Imagenet Training Error after 14 epochs

Rio1210 · January 11, 2021, 1:52pm

I am training Resnet50 on imagenet using the script provided from PyTorch (with a slight trivial tweak for my purpose). However, I am getting the following error after 14 epochs of training. I have allocated 4 gpus in server to run this. Any pointers as to what this error is about would be appreciated. Thanks a lot!

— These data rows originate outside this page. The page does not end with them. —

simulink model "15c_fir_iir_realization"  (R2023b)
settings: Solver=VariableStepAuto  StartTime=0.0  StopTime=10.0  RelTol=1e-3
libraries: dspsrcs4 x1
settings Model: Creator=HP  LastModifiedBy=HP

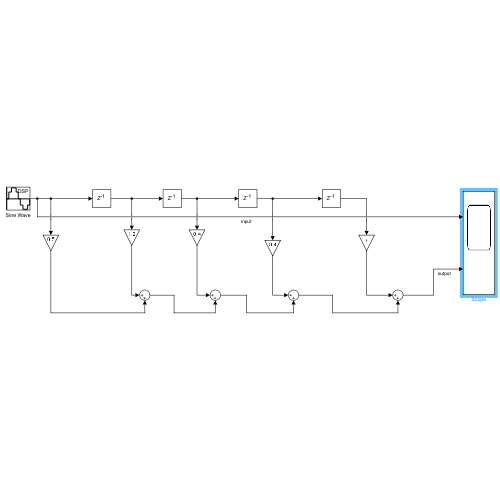
[thumbnail: Simulink's stored preview of the top-level diagram]
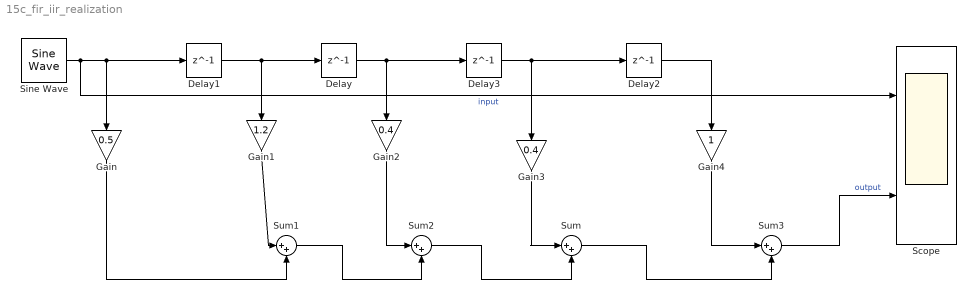
== system 15c_fir_iir_realization ==
  Delay{,1..3} (4 alike) : Delay  DelayLength=1  InitialCondition=0
  Gain : Gain  Gain=0.5
  Gain1 : Gain  Gain=1.2
  Gain2 : Gain  Gain=0.4
  Gain3 : Gain  Gain=0.4
  Gain4 : Gain
  Scope : Scope  NumInputPorts=2
  Sine Wave : dspsrcs4/Sine Wave  Amplitude=1  Frequency=100  Phase=0  SampleMode=Discrete  OutComplex=Real  CompMethod=Trigonometric fcn  TableSize=Speed  SampleTime=1/1000  SamplesPerFrame=1  ResetState=Restart at time zero  OutputFrames=off  dataType=double  wordLen=16  udDataType=sfix(16)  fracBitsMode=Best precision  numFracBits=15  OutDataTypeStr=double  LastOutDataTypeStr=double
  Sum{,1..3} (4 alike) : Sum  Inputs=|++
  wires:
  Sine Wave/1 -> Scope/1, Gain/1, Delay1/1  "input"
  Delay1/1 -> Gain1/1, Delay/1
  Delay/1 -> Delay3/1, Gain2/1
  Delay3/1 -> Gain3/1, Delay2/1
  Delay2/1 -> Gain4/1
  Sum1/1 -> Sum2/2
  Sum2/1 -> Sum/2
  Sum/1 -> Sum3/2
  Gain/1 -> Sum1/2
  Gain1/1 -> Sum1/1
  Gain2/1 -> Sum2/1
  Gain3/1 -> Sum/1
  Gain4/1 -> Sum3/1
  Sum3/1 -> Scope/2  "output"
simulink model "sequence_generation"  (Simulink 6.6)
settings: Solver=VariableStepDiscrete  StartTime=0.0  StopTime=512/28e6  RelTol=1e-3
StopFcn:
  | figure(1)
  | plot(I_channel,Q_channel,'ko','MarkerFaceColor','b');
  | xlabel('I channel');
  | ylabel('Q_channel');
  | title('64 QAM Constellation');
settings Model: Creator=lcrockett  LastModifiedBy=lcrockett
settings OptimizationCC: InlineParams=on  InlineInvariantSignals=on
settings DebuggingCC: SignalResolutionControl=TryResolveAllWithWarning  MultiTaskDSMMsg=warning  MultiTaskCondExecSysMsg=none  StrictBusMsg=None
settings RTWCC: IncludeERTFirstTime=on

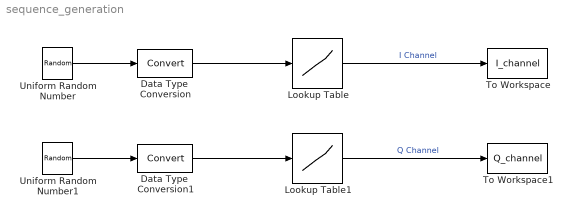
== system sequence_generation ==
  Data Type  Conversion : DataTypeConversion  OutDataTypeMode=Specify via dialog  OutDataType=uint(3)  RndMeth=Nearest  SaturateOnIntegerOverflow=on
  Data Type  Conversion1 : DataTypeConversion  OutDataTypeMode=Specify via dialog  OutDataType=uint(3)  RndMeth=Nearest  SaturateOnIntegerOverflow=on
  Lookup Table : Lookup  InputValues=[0 1 2 3 4 5 6 7]  OutputValues=[127 90.71428571 54.42857143 18.14285714 -18.14285714 -54.42857143 -90.71428571 -127]  OutDataTypeMode=Specify via dialog  OutDataType=float('double')
  Lookup Table1 : Lookup  InputValues=[0 1 2 3 4 5 6 7]  OutputValues=[127 90.71428571 54.42857143 18.14285714 -18.14285714 -54.42857143 -90.71428571 -127]  OutDataTypeMode=Specify via dialog  OutDataType=float('double')
  To Workspace : ToWorkspace  VariableName=I_channel  SampleTime=-1  SaveFormat=Array
  To Workspace1 : ToWorkspace  VariableName=Q_channel  SampleTime=-1  SaveFormat=Array
  Uniform Random Number : UniformRandomNumber  Minimum=0  Maximum=7  SampleTime=1/28e6
  Uniform Random Number1 : UniformRandomNumber  Minimum=0  Maximum=7  Seed=1  SampleTime=1/28e6
  wires:
  Uniform Random Number/1 -> Data Type  Conversion/1
  Data Type  Conversion1/1 -> Lookup Table1/1
  Uniform Random Number1/1 -> Data Type  Conversion1/1
  Lookup Table/1 -> To Workspace/1  "I Channel"
  Lookup Table1/1 -> To Workspace1/1  "Q Channel"
  Data Type  Conversion/1 -> Lookup Table/1

Epoch: [14][5000/5005]	Time 1.910 (2.018)	Data 0.000 (0.191)	Loss 2.6954 (2.7783)	Total 2.6954 (2.7783)	Reg 0.0000	Prec@1 42.969 (40.556)	Prec@5 64.844 (65.368)	 
Test: [0/196]	Time 86.722 (86.722)	Loss 1.9551 (1.9551)	Prec@1 51.562 (51.562)	Prec@5 81.641 (81.641)
Traceback (most recent call last):
  File "main_group.py", line 549, in <module>
  File "main_group.py", line 256, in main
    
  File "main_group.py", line 466, in validate
    if args.gpu is not None:
  File "/home/users/rio/anaconda3/envs/ml/lib/python3.7/site-packages/torch/utils/data/dataloader.py", line 801, in __next__
    return self._process_data(data)
  File "/home/users/rio/anaconda3/envs/ml/lib/python3.7/site-packages/torch/utils/data/dataloader.py", line 846, in _process_data
    data.reraise()
  File "/home/users/rio/anaconda3/envs/ml/lib/python3.7/site-packages/torch/_utils.py", line 385, in reraise
    raise self.exc_type(msg)
OSError: Caught OSError in DataLoader worker process 11.
Original Traceback (most recent call last):
  File "/home/users/rio/anaconda3/envs/ml/lib/python3.7/site-packages/torch/utils/data/_utils/worker.py", line 178, in _worker_loop
    data = fetcher.fetch(index)
  File "/home/users/rio/anaconda3/envs/ml/lib/python3.7/site-packages/torch/utils/data/_utils/fetch.py", line 44, in fetch
    data = [self.dataset[idx] for idx in possibly_batched_index]
  File "/home/users/rio/anaconda3/envs/ml/lib/python3.7/site-packages/torch/utils/data/_utils/fetch.py", line 44, in <listcomp>
    data = [self.dataset[idx] for idx in possibly_batched_index]
  File "/home/users/rio/anaconda3/envs/ml/lib/python3.7/site-packages/torchvision/datasets/folder.py", line 138, in __getitem__
    sample = self.loader(path)
  File "/home/users/rio/anaconda3/envs/ml/lib/python3.7/site-packages/torchvision/datasets/folder.py", line 174, in default_loader
    return pil_loader(path)
  File "/home/users/rio/anaconda3/envs/ml/lib/python3.7/site-packages/torchvision/datasets/folder.py", line 155, in pil_loader
    with open(path, 'rb') as f:
OSError: [Errno 5] Input/output error: '/data/users2/rio/github/imagenet-data/val/n02102973/ILSVRC2012_val_00009130.JPEG'

ptrblck · January 19, 2021, 9:37am

This error points to a failure in reading the ILSVRC2012_val_00009130.JPEG file. If you’ve mounted the /data folder from a remote server, it could be raised e.g. if the connection fails or times out.
If that’s the case, could you create a local copy of the dataset and rerun the training?

Rio1210 · January 26, 2021, 3:12am

Thank you @ptrblck. I figured out the issue. Apparently the .tar files in the train and val folders were being read /tried to be read by the official PyTorch script. Taking out the .tar files from the train and val folders solved the issue!

Posting it in case someone else might face similar issues!